** Available data follows **

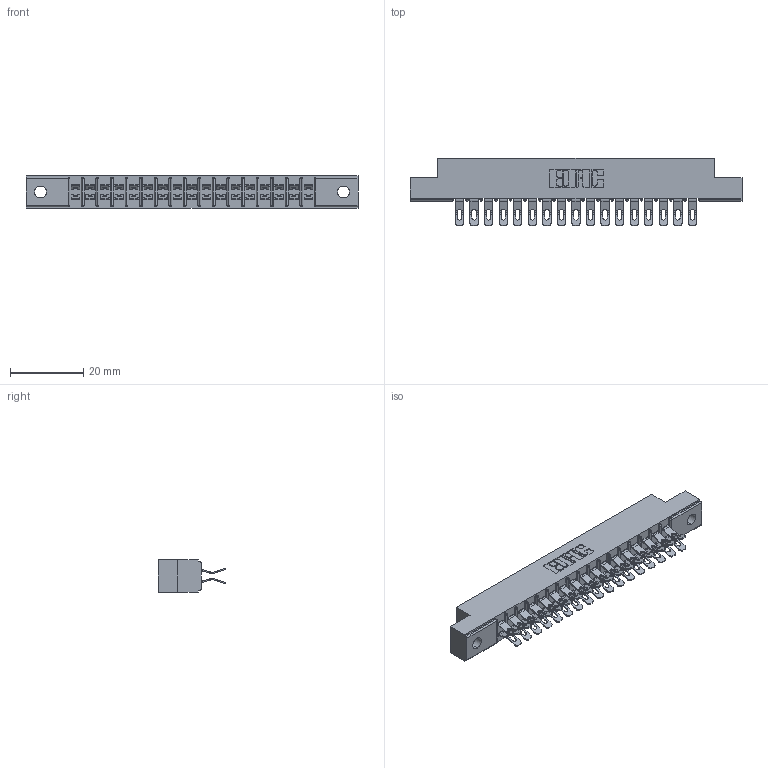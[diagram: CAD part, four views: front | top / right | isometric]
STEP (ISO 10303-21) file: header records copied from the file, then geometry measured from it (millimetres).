
FILE_DESCRIPTION (( 'STEP AP203' ), '1' );
FILE_NAME ('315-034-555-202.STEP', '2019-09-10T15:57:35', ( '' ), ( '' ), 'SwSTEP 2.0', 'SolidWorks 2016', '' );
FILE_SCHEMA (( 'CONFIG_CONTROL_DESIGN' ));
Length unit declared in the file: inch
Products named in the file (3): 305-290-001_555; 305 Part_.128 Dia; 315-034-555-202
Assembly tree (35 placements, depth 2):
  315-034-555-202
    305 Part_.128 Dia
    305-290-001_555  x34
Bounding box: 90.37 x 18.41 x 8.71 mm (x, y, z)
Volume: 5743.3 mm3; surface area: 10865.7 mm2
Topology: 35 solids, 35 shells, 2360 faces, 7031 edges, 4594 vertices
Faces by surface type: plane 1156, cylinder 1136, sphere 68
Entity records: 22076 total; most frequent: CARTESIAN_POINT 3671, ORIENTED_EDGE 3630, DIRECTION 3565, EDGE_CURVE 1815, VECTOR 1421, LINE 1421, VERTEX_POINT 1162, AXIS2_PLACEMENT_3D 1072

** End of Available data **

Exercise aim: Skip the pictures and give the entries above again word for word.

Result below:
[diagram: CAD part, four views: front | top / right | isometric]
STEP (ISO 10303-21) file: header records copied from the file, then geometry measured from it (millimetres).
FILE_DESCRIPTION (( 'STEP AP203' ), '1' );
FILE_NAME ('315-034-555-202.STEP', '2019-09-10T15:57:35', ( '' ), ( '' ), 'SwSTEP 2.0', 'SolidWorks 2016', '' );
FILE_SCHEMA (( 'CONFIG_CONTROL_DESIGN' ));
Length unit declared in the file: inch
Products named in the file (3): 305-290-001_555; 305 Part_.128 Dia; 315-034-555-202
Assembly tree (35 placements, depth 2):
  315-034-555-202
    305 Part_.128 Dia
    305-290-001_555  x34
Bounding box: 90.37 x 18.41 x 8.71 mm (x, y, z)
Volume: 5743.3 mm3; surface area: 10865.7 mm2
Topology: 35 solids, 35 shells, 2360 faces, 7031 edges, 4594 vertices
Faces by surface type: plane 1156, cylinder 1136, sphere 68
Entity records: 22076 total; most frequent: CARTESIAN_POINT 3671, ORIENTED_EDGE 3630, DIRECTION 3565, EDGE_CURVE 1815, VECTOR 1421, LINE 1421, VERTEX_POINT 1162, AXIS2_PLACEMENT_3D 1072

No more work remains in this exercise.